DATA TO USE START

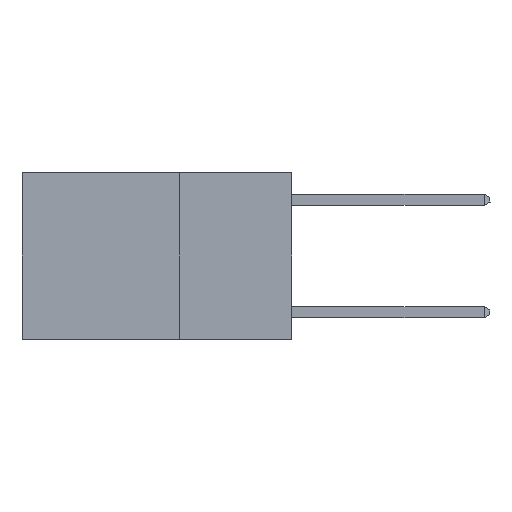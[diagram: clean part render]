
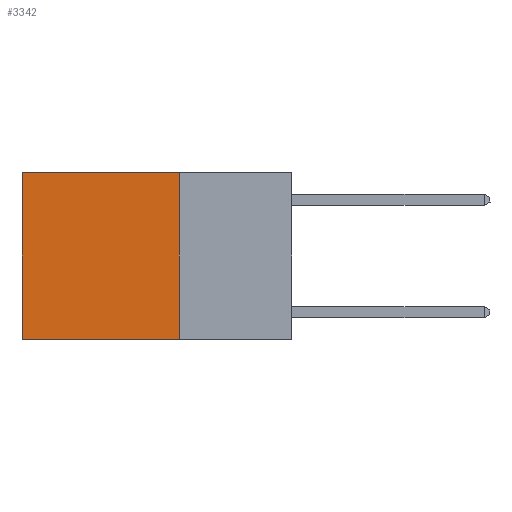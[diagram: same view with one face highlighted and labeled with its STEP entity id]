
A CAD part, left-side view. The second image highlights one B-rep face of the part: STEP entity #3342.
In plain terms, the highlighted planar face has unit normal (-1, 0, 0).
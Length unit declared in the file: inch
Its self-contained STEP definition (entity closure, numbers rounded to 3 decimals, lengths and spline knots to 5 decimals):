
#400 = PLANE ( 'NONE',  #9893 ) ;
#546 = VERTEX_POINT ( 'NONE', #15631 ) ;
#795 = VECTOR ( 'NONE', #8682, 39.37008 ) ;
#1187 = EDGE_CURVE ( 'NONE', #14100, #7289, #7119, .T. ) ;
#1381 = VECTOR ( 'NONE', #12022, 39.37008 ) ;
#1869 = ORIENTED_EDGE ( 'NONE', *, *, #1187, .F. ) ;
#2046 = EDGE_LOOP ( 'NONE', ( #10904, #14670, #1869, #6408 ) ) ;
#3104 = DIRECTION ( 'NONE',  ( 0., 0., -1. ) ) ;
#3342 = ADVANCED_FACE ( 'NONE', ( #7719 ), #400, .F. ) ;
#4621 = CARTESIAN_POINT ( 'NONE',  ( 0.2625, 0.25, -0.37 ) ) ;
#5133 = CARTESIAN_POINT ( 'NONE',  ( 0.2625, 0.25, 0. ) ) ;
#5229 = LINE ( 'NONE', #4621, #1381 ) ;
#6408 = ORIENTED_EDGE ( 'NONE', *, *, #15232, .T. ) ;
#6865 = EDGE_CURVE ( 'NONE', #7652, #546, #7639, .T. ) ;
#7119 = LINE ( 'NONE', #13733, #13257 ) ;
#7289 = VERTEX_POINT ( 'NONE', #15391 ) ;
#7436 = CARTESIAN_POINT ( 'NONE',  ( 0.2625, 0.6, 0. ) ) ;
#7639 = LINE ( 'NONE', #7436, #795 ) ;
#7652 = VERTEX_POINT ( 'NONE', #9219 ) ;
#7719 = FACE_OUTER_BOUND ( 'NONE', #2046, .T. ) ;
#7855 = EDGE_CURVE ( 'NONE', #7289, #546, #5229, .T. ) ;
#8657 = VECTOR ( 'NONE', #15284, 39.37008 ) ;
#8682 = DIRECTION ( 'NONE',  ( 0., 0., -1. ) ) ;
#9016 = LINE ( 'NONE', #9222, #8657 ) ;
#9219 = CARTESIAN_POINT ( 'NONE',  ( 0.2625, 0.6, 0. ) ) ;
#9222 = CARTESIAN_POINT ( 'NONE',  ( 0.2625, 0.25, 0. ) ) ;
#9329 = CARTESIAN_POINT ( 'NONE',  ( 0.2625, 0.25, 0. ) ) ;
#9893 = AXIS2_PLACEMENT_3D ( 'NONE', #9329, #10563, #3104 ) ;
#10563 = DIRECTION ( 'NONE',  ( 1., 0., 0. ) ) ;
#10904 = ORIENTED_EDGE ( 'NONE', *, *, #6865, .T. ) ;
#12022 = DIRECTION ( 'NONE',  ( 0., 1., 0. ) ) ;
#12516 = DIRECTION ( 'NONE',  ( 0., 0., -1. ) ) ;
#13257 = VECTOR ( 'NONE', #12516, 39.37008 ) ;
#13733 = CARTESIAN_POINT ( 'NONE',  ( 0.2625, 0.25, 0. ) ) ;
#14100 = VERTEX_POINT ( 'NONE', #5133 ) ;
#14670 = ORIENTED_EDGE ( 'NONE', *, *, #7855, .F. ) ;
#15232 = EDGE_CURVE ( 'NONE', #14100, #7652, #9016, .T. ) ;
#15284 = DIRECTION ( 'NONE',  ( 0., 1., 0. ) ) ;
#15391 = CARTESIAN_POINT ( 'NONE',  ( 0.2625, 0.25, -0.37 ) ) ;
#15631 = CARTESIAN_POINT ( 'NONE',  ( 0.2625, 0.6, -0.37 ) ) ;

DATA TO USE END

▸ **DIRECTIONS FOR THIS TASK**
Every line of the entries that includes "unit" must be copied into the answer.

▸ **SOLUTION TO THIS EXERCISE**
In plain terms, the highlighted planar face has unit normal (-1, 0, 0).
Length unit declared in the file: inch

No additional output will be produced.